--- START ---
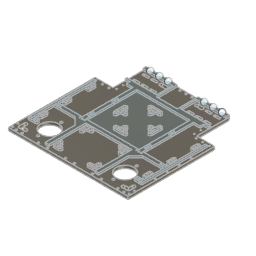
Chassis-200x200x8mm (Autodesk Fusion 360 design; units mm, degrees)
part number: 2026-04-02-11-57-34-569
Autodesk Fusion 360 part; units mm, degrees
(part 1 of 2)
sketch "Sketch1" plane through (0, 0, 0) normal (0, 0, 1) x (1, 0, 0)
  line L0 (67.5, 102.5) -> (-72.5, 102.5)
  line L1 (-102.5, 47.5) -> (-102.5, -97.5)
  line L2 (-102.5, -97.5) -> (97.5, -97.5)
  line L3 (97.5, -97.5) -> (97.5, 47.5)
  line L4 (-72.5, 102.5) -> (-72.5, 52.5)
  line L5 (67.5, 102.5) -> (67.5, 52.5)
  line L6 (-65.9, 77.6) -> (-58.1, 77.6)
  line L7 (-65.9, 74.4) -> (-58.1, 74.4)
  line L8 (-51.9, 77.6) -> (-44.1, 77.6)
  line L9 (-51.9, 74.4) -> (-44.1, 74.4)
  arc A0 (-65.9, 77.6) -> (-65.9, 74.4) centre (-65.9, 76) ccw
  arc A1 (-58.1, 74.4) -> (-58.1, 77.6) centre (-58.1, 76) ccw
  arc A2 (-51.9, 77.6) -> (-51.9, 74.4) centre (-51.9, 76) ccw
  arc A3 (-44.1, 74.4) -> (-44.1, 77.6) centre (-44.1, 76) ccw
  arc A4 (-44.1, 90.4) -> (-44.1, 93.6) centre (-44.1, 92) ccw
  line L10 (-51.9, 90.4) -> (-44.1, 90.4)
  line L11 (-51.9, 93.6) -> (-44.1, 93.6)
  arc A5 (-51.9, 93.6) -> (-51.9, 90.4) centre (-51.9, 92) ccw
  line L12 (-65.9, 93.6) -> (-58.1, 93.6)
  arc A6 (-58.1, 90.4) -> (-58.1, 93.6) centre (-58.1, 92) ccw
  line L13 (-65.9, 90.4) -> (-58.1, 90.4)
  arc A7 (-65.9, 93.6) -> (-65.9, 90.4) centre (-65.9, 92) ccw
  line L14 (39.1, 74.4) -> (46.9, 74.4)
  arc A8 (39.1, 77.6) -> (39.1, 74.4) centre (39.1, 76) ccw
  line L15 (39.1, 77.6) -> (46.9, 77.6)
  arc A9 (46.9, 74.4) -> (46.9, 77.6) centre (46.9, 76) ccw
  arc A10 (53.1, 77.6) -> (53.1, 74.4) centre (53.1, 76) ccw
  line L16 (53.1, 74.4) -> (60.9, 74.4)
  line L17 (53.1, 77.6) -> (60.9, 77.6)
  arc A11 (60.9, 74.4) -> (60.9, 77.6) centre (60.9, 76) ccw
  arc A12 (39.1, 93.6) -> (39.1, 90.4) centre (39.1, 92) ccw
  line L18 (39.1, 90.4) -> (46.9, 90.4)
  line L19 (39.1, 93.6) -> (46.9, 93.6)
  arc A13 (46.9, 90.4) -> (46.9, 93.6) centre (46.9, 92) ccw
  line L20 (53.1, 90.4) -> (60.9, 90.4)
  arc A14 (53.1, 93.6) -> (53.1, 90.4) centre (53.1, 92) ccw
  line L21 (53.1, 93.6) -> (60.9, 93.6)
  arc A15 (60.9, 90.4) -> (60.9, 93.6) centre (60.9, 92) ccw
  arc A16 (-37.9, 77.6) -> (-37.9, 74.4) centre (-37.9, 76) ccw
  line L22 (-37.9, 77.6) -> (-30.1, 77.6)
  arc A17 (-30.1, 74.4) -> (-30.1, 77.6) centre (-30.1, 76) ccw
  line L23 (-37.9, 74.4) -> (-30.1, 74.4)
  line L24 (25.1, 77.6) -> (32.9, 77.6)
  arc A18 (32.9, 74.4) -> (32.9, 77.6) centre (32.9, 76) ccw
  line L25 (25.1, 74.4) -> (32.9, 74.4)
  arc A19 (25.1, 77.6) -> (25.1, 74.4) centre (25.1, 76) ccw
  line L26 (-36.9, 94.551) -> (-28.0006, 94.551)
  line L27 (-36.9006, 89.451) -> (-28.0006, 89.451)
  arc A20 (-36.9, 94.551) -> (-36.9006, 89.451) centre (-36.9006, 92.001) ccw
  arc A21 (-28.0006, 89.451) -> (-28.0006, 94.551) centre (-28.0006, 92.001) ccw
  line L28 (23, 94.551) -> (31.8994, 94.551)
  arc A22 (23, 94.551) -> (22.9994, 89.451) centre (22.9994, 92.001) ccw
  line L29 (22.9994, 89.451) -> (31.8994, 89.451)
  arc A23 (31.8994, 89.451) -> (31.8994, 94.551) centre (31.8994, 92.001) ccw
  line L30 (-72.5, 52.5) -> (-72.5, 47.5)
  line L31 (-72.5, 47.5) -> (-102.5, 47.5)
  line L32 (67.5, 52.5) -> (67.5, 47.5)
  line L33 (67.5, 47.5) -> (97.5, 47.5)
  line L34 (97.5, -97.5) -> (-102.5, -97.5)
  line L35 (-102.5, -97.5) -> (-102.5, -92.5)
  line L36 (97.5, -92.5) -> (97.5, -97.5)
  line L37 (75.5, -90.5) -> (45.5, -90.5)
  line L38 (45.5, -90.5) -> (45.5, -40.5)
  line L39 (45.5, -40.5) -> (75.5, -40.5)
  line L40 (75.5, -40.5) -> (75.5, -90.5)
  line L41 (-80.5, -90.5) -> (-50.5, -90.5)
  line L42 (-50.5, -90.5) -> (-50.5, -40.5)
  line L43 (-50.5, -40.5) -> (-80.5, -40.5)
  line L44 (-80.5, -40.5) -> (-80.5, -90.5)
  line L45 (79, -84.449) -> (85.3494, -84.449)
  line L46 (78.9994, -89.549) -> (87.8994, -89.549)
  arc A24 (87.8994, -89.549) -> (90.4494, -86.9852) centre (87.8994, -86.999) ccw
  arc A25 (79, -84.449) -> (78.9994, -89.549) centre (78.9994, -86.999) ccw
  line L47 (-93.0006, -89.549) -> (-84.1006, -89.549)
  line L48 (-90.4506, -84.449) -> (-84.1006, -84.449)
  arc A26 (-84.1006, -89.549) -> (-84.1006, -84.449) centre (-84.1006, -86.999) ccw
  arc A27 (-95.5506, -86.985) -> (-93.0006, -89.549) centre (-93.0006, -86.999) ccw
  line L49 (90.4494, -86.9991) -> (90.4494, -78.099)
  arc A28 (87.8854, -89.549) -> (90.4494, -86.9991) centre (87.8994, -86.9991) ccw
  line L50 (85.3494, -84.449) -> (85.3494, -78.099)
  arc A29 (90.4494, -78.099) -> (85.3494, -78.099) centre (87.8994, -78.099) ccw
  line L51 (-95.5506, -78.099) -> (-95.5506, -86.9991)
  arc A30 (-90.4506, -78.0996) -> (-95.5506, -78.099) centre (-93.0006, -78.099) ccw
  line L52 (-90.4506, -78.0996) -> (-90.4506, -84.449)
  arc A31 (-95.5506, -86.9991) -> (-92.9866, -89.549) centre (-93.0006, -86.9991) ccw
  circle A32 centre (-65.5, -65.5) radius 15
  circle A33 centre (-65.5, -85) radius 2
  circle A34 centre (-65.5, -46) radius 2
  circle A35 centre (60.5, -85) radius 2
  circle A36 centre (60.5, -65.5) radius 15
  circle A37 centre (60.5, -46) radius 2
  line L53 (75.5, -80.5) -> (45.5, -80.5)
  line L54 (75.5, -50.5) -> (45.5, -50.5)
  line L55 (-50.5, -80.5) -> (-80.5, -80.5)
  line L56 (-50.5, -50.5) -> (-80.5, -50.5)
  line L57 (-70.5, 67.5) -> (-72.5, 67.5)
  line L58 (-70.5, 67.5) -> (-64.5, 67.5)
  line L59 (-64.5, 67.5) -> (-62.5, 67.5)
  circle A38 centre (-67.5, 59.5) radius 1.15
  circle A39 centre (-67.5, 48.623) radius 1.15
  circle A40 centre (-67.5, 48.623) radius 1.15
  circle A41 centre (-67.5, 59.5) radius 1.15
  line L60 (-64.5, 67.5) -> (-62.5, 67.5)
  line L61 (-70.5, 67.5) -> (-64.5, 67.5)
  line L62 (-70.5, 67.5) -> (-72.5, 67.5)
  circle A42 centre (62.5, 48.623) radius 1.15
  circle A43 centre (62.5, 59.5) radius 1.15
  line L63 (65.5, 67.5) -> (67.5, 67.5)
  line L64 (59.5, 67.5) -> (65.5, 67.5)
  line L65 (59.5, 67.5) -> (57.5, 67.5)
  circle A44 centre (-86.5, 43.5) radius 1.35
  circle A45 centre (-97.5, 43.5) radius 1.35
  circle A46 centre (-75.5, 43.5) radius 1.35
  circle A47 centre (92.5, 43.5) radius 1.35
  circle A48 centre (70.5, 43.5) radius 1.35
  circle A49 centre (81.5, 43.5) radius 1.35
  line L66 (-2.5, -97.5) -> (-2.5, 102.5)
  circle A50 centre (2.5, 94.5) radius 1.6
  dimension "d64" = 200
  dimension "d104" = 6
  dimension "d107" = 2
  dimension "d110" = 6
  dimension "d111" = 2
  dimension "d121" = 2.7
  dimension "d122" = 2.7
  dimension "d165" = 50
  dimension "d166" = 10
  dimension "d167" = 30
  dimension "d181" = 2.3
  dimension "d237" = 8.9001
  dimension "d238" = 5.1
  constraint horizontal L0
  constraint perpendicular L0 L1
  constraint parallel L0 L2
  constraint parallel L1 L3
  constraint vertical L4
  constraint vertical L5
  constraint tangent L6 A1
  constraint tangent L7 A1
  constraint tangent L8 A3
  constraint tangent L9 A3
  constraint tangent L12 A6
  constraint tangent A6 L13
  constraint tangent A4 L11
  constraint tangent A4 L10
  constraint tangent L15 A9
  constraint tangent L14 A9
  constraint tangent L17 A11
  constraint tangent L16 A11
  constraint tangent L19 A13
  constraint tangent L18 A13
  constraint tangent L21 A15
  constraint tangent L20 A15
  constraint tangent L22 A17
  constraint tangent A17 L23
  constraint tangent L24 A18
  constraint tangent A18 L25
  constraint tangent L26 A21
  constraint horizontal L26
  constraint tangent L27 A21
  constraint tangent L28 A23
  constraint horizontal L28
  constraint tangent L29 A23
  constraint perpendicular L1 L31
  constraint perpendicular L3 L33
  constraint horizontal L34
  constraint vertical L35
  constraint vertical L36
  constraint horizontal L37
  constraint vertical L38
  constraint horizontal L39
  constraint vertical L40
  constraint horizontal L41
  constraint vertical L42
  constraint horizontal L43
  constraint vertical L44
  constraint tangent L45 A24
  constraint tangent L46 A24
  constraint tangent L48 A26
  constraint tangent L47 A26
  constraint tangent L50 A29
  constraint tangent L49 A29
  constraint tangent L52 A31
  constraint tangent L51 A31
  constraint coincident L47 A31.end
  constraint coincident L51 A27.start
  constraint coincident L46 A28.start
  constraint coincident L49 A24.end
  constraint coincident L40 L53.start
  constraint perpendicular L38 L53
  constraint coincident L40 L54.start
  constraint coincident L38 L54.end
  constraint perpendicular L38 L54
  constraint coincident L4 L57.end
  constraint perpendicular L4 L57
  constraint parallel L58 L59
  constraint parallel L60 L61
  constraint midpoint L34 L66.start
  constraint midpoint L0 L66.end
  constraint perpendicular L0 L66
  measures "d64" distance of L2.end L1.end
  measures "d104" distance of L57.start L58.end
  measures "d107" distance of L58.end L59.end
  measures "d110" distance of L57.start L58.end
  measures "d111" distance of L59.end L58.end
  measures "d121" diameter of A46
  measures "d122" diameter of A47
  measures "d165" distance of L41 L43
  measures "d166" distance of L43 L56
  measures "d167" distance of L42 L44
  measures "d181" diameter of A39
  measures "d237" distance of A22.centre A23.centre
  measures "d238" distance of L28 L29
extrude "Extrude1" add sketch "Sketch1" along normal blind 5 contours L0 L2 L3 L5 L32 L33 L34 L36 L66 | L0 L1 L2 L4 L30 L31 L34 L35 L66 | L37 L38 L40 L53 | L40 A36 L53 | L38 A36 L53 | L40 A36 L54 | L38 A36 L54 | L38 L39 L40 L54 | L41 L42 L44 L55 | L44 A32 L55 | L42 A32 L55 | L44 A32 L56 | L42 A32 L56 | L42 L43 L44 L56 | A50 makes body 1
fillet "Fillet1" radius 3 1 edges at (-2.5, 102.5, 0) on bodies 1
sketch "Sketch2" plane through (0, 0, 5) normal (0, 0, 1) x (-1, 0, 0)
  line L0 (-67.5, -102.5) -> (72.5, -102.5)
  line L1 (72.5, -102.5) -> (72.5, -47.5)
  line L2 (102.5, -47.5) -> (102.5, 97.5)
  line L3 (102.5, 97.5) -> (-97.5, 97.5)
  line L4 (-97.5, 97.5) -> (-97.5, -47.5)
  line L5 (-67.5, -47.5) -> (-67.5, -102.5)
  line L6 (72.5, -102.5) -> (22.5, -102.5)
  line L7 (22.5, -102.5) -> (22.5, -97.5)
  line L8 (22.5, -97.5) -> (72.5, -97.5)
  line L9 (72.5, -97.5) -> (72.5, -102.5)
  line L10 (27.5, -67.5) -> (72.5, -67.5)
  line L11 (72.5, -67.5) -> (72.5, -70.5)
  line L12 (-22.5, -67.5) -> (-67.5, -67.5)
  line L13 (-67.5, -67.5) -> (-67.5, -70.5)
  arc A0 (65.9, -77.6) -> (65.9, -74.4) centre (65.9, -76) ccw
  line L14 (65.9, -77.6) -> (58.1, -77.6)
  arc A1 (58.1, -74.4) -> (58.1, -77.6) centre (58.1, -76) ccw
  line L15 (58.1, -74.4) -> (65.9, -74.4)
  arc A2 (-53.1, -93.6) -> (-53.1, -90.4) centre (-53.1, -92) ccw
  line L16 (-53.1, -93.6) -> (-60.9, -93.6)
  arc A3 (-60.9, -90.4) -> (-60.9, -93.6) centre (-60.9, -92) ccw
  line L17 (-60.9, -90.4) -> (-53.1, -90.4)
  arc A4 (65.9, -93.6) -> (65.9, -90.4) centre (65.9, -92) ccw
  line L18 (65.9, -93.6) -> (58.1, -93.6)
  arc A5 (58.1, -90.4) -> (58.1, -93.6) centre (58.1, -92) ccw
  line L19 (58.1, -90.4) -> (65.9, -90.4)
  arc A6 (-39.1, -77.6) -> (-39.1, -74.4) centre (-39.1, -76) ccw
--- END ---
§ **Description of the task**
Please return the lines above that run from the line containing "line L10 (-51.9, 90.4) -> (-44.1, 90.4)" to the line containing "line L14 (39.1, 74.4) -> (46.9, 74.4)", inclusive, exactly and with no other lines.

§ **Written solution**
  line L10 (-51.9, 90.4) -> (-44.1, 90.4)
  line L11 (-51.9, 93.6) -> (-44.1, 93.6)
  arc A5 (-51.9, 93.6) -> (-51.9, 90.4) centre (-51.9, 92) ccw
  line L12 (-65.9, 93.6) -> (-58.1, 93.6)
  arc A6 (-58.1, 90.4) -> (-58.1, 93.6) centre (-58.1, 92) ccw
  line L13 (-65.9, 90.4) -> (-58.1, 90.4)
  arc A7 (-65.9, 93.6) -> (-65.9, 90.4) centre (-65.9, 92) ccw
  line L14 (39.1, 74.4) -> (46.9, 74.4)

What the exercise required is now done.